C. Tenslotte is ten behoeve van de efficiëntie van het toezicht op de kwaliteit zowel in de
verordening kinderopvang als in de verordening peuterspeelzaalwerk de regelgeving ten
aanzien van informatieverstrekking aangescherpt.
Aan de gemeenteraad wordt voorgesteld de nieuwe verordening kinderopvang 2003 en verordening
peuterspeelzaalwerk 2003 te laten vaststellen, onder gelijktijdige intrekking van de huidige
verordening kinderopvang gemeente Breda 1999.

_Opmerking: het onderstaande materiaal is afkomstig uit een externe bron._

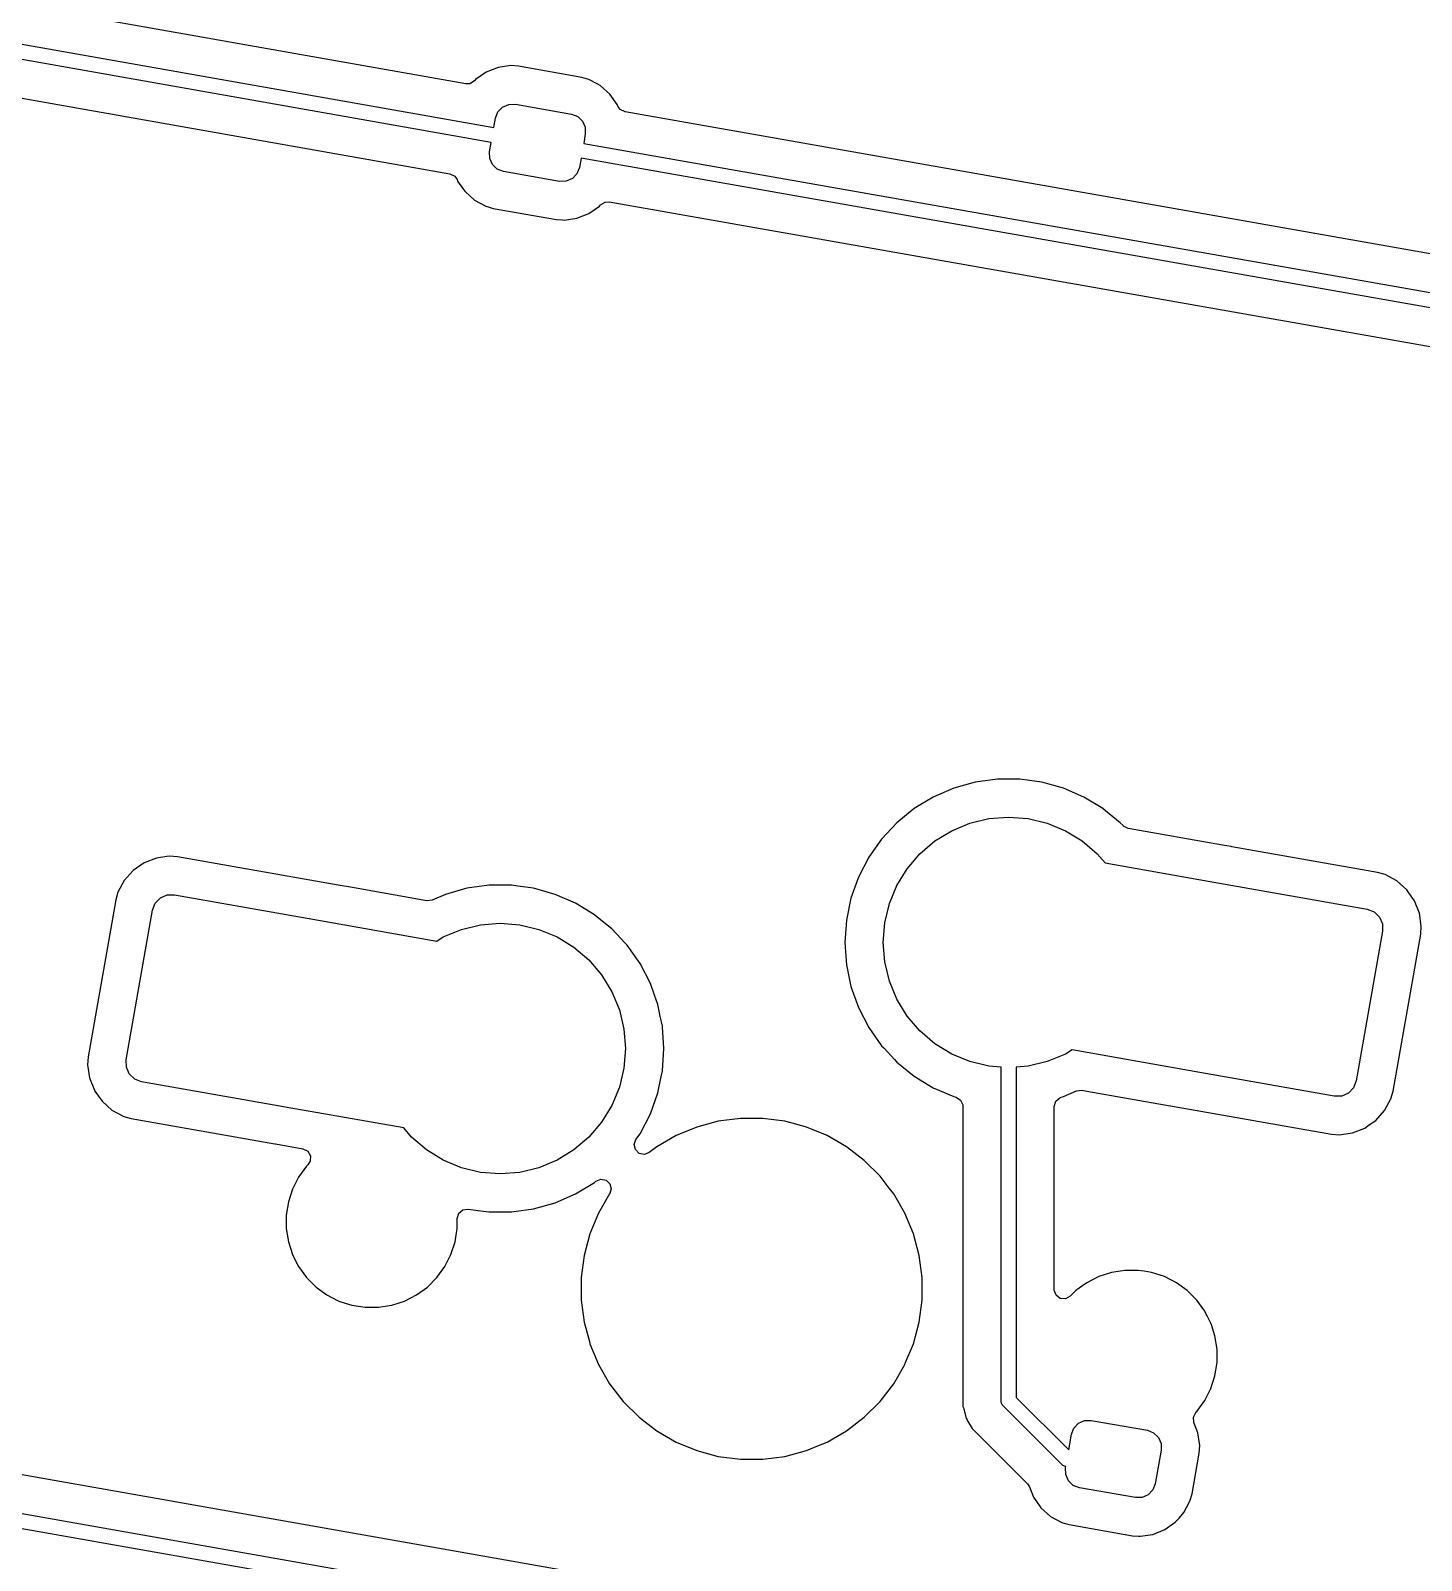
# Model space of a CAD drawing. Header units: millimetres. Extents: x 46 to 4458, y 59 to 1499.
# Drawn here: x 1790.32 to 1808.63, y 854.7 to 874.84 of the extents above; entities that cross this region are included whole.
import ezdxf

# ---------------------------------------------------------------- set-up
doc = ezdxf.new("R2010")
doc.units = ezdxf.units.MM
doc.layers.add('BLACK', color=7, linetype='Continuous')

msp = doc.modelspace()

# ---------------------------------------------------------------- linework, layer by layer
at = {"layer": 'BLACK', "linetype": 'Continuous'}
for p, q in [((1796.04563, 874.14077), (1779.38269, 877.07889)), ((1778.83762, 876.6655), (1796.41654, 873.56647)), ((1796.38215, 873.3714), (1778.80323, 876.47043)), ((1779.17414, 875.89614), (1795.83708, 872.95801)), ((1796.31328, 874.29409), (1796.17436, 874.19681)), ((1796.47089, 874.3567), (1796.31328, 874.29409)), ((1796.4709, 874.3567), (1796.47089, 874.3567)), ((1796.6387, 874.38128), (1796.4709, 874.3567)), ((1796.73831, 874.37403), (1796.6387, 874.38128)), ((1797.57214, 874.227), (1796.73831, 874.37403)), ((1797.57216, 874.227), (1797.57214, 874.227)), ((1797.66823, 874.19975), (1797.57216, 874.227)), ((1796.10051, 874.14345), (1796.04563, 874.14077)), ((1796.15979, 874.18044), (1796.10051, 874.14345)), ((1796.17435, 874.19681), (1796.15979, 874.18044)), ((1796.17436, 874.19681), (1796.17435, 874.19681)), ((1797.66824, 874.19975), (1797.66823, 874.19975)), ((1797.66823, 874.19975), (1797.66823, 874.19975)), ((1797.77728, 874.14096), (1797.66824, 874.19975)), ((1797.81752, 874.11926), (1797.77728, 874.14096)), ((1797.94421, 874.00651), (1797.81752, 874.11926)), ((1798.04149, 873.86758), (1797.94421, 874.00651)), ((1797.94421, 874.00651), (1797.94421, 874.00651)), ((1796.47018, 873.77205), (1796.53089, 873.83546)), ((1796.53089, 873.83546), (1796.61125, 873.87082)), ((1796.61125, 873.87082), (1796.69902, 873.87274)), ((1796.69902, 873.87274), (1797.43762, 873.7425)), ((1798.04957, 873.84723), (1798.04149, 873.86758)), ((1798.04149, 873.86758), (1798.04149, 873.86758)), ((1798.04149, 873.86758), (1798.04149, 873.86758)), ((1798.08068, 873.80192), (1798.04957, 873.84723)), ((1796.41654, 873.56647), (1796.43836, 873.69022)), ((1796.43836, 873.69022), (1796.47018, 873.77205)), ((1797.43762, 873.7425), (1797.51944, 873.71068)), ((1797.51944, 873.71068), (1797.58286, 873.64997)), ((1797.58286, 873.64997), (1797.61822, 873.56962)), ((1798.14328, 873.7709), (1798.08068, 873.80192)), ((1814.80622, 870.83277), (1798.14328, 873.7709)), ((1797.62013, 873.48185), (1797.59832, 873.35814)), ((1797.61822, 873.56962), (1797.62013, 873.48185)), ((1796.36022, 873.24706), (1796.38215, 873.3714)), ((1796.36214, 873.15929), (1796.36022, 873.24706)), ((1797.59832, 873.35814), (1815.17724, 870.25911)), ((1796.3975, 873.07894), (1796.36214, 873.15929)), ((1796.46091, 873.01823), (1796.3975, 873.07894)), ((1796.54273, 872.98641), (1796.46091, 873.01823)), ((1797.54199, 873.03868), (1797.51017, 872.95686)), ((1797.56392, 873.16306), (1797.54199, 873.03868)), ((1815.14285, 870.06404), (1797.56392, 873.16306)), ((1795.83708, 872.95801), (1795.89968, 872.92699)), ((1795.89968, 872.92699), (1795.93078, 872.88168)), ((1795.93078, 872.88168), (1795.93887, 872.86132)), ((1795.93887, 872.86132), (1796.01686, 872.74994)), ((1797.28134, 872.85617), (1796.54273, 872.98641)), ((1797.36911, 872.85809), (1797.28134, 872.85617)), ((1797.44947, 872.89344), (1797.36911, 872.85809)), ((1797.51017, 872.95686), (1797.44947, 872.89344)), ((1796.01686, 872.74994), (1796.03615, 872.7224)), ((1796.03615, 872.7224), (1796.03615, 872.7224)), ((1796.03615, 872.7224), (1796.16284, 872.60965)), ((1796.16284, 872.60965), (1796.16284, 872.60965)), ((1796.16284, 872.60965), (1796.16284, 872.60965)), ((1796.16284, 872.60965), (1796.31212, 872.52916)), ((1796.31212, 872.52916), (1796.35415, 872.51724)), ((1796.35415, 872.51724), (1796.4082, 872.50191)), ((1796.4082, 872.50191), (1796.40821, 872.50191)), ((1796.40821, 872.50191), (1796.40821, 872.50191)), ((1796.40821, 872.50191), (1797.24204, 872.35488)), ((1797.50946, 872.3722), (1797.66708, 872.43482)), ((1797.66708, 872.43482), (1797.806, 872.5321)), ((1797.806, 872.5321), (1797.82056, 872.54846)), ((1797.82056, 872.54846), (1797.87983, 872.58545)), ((1797.87983, 872.58545), (1797.93472, 872.58814)), ((1797.93472, 872.58814), (1814.59767, 869.65002)), ((1797.24204, 872.35488), (1797.32173, 872.34908)), ((1797.32173, 872.34908), (1797.34165, 872.34762)), ((1797.34165, 872.34762), (1797.34165, 872.34762)), ((1797.34165, 872.34762), (1797.34166, 872.34762)), ((1797.34166, 872.34762), (1797.50946, 872.3722)), ((1802.75534, 864.9477), (1802.47205, 864.86832)), ((1803.0468, 864.98776), (1802.75534, 864.9477)), ((1802.75534, 864.9477), (1802.75534, 864.9477)), ((1803.341, 864.98776), (1803.0468, 864.98776)), ((1803.0468, 864.98776), (1803.0468, 864.98776)), ((1803.46796, 864.97031), (1803.341, 864.98776)), ((1803.341, 864.98776), (1803.341, 864.98776)), ((1803.63245, 864.9477), (1803.46796, 864.97031)), ((1803.63246, 864.9477), (1803.63245, 864.9477)), ((1803.63245, 864.9477), (1803.63245, 864.9477)), ((1803.91574, 864.86832), (1803.63246, 864.9477)), ((1802.20222, 864.75112), (1801.95085, 864.59826)), ((1802.47205, 864.86832), (1802.20222, 864.75112)), ((1802.20222, 864.75112), (1802.20222, 864.75112)), ((1804.18557, 864.75112), (1803.91574, 864.86832)), ((1804.18558, 864.75112), (1804.18557, 864.75112)), ((1804.43694, 864.59826), (1804.18558, 864.75112)), ((1801.95085, 864.59826), (1801.72264, 864.4126)), ((1804.43695, 864.59826), (1804.43694, 864.59826)), ((1804.47178, 864.56992), (1804.43695, 864.59826)), ((1804.43695, 864.59826), (1804.43695, 864.59826)), ((1804.66515, 864.4126), (1804.47178, 864.56992)), ((1801.72264, 864.4126), (1801.52183, 864.19758)), ((1802.44481, 864.30742), (1802.68402, 864.4065)), ((1802.68402, 864.4065), (1802.93578, 864.46694)), ((1802.93578, 864.46694), (1803.1939, 864.48726)), ((1803.1939, 864.48726), (1803.45202, 864.46694)), ((1803.45202, 864.46694), (1803.70378, 864.4065)), ((1803.70378, 864.4065), (1803.94298, 864.30742)), ((1804.66516, 864.41259), (1804.66515, 864.4126)), ((1804.7009, 864.37433), (1804.66516, 864.41259)), ((1804.66516, 864.41259), (1804.66516, 864.41259)), ((1804.70738, 864.36788), (1804.7009, 864.37433)), ((1804.76998, 864.33686), (1804.70738, 864.36788)), ((1806.00874, 864.11843), (1804.76998, 864.33686)), ((1801.52183, 864.19758), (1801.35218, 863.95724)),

Ad. A. De Wet Basisvoorziening Kinderopvang zal naar verwachting met ingang van 1 januari
2004 in werking treden. Door een splitsing te maken in een aparte verordening voor de
kinderopvang en een verordening voor het peuterspeelzaalwerk kan de verordening
peuterspeelzaalwerk bij inwerkingtreden van de nieuwe wet ongewijzigd worden gehandhaafd. De
raad kan dan de verordening Kinderopvang intrekken.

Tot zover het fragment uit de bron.